27 сентября 1975 г., Петербург.

Мне было очень приятно получить от Вас, уважаемый Александр Петрович, письмо, в котором Вы выражаете готовность поспешить на помощь несчастному Панютину. Он действительно в ужасном положении, и я ума не приложу, как ему помочь, тем более что обстоятельства не дозволяют мне располагать теперь никакими к тому средствами. «Обращаясь за сим по существу», я не могу ничего отвечать Вам на Ваши вопросы до тех пор, пока снова повидаюсь с Панютиным, который, вероятно, сам к Вам приедет; но будет ли это в воскресенье или в иной день – я не знаю.

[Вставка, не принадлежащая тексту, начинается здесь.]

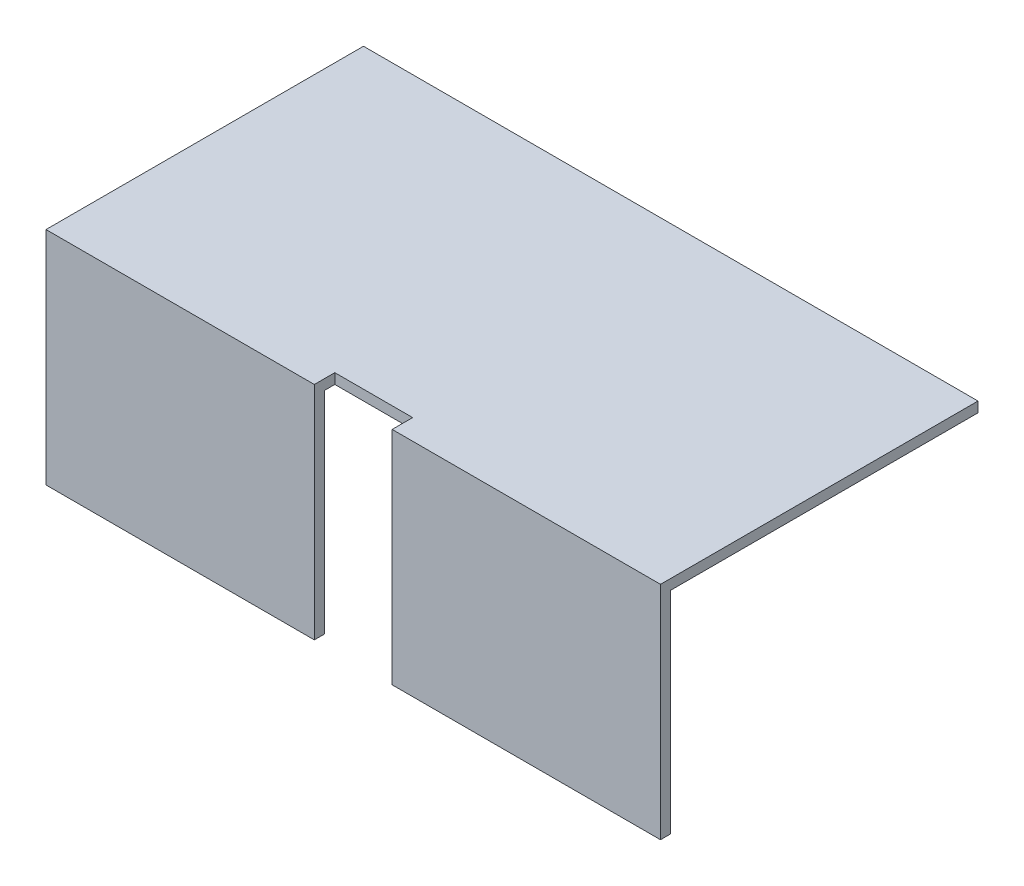
from build123d import *

# Parameters (mm, degrees)
EXTRUDE_THIN1_DEPTH = 300
SKETCH2_W           = 38
SKETCH2_H           = 10
CUT_EXTRUDE1_DEPTH  = 130


with BuildPart() as part:
    # Sketch1 → Extrude-Thin1 (new body)
    with BuildSketch(Plane(origin=(0, 0, 0), x_dir=(0, 0, -1), z_dir=(1, 0, 0))):
        Polygon((0, 0), (-150, 0), (-150, -103), (-155, -103), (-155, 5), (0, 5), align=None)
    extrude(amount=EXTRUDE_THIN1_DEPTH)

    # Sketch2 → Cut-Extrude1 (cut)
    with BuildSketch(Plane(origin=(0, 5, 0), x_dir=(1, 0, 0), z_dir=(0, 1, 0))):
        with Locations((150, -150)):
            Rectangle(SKETCH2_W, SKETCH2_H)
    extrude(amount=-CUT_EXTRUDE1_DEPTH, mode=Mode.SUBTRACT)


solid = part.part

Меня же прошу извинить: мне, право, не до выездов, и я нахожу, что они мне просто вредны: я себя всего лучше чувствую у себя дома, и добрые приятели должны мне это простить. Это отнюдь не значит, чтобы я чуждался людей; а просто теперь в обществе очень много говорится такого, чего я, по своим чувствам и убеждениям, спокойно и не расстраиваясь слушать не могу. Зачем же мне неволить себя, для того чтобы быть в тягость и ceбе и людям? Не рассердитесь на меня и не принимайте чего-нибудь в этих словах на свой счет – это будет несправедливо: я Вас очень люблю и уважаю, но гостем позвольте мне быть тогда, когда я буду чувствовать себя к этому способным.

Душевно Преданный Вам

Н. Лесков.

P. S. Поздравляю Вас со вчерашнею передовою статью «Московских ведомостей» по герцоговинскому вопросу. Спрашивается: почему это воистину «циническое» отношение к столь ужасным событиям считается такими умными людьми за самое уместное и благоразумнейшее? Я не могу не видать в этом, как и во многом другом, особенного самоуслаждения в противуречии лучшим инстинктам страны, как только она выходит из своей мертвящей апатии и пробует проявить какой-нибудь живой дух и симпатии. И эти унылые люди со всею их дальнозоркою расчетливостью ошибутся, и эту ошибку им покажет не кто иной, как тот, очень многими (и Вами) отвергаемый, незримый дух народа, о котором говорит всех смелее и, по-моему, всех лучше граф Лев Толстой в «Войне и мире». В том, в чем они хотят всех уверить, они никого не уверят, а сами изверятся у многих.

П. К. Щебальскому

5 октября 1875 г., Петербург.

Уважаемый Петр Карлович!

Вчера я получил Ваше письмо; а Комитет – Вашу рукопись (под девизом, но с указанием на тюке, кто ее посылает!!). А. И. Ходнев сегодня сообщил мне по секрету, что все Ваши желания будут исполнены, – чему я и радуюсь.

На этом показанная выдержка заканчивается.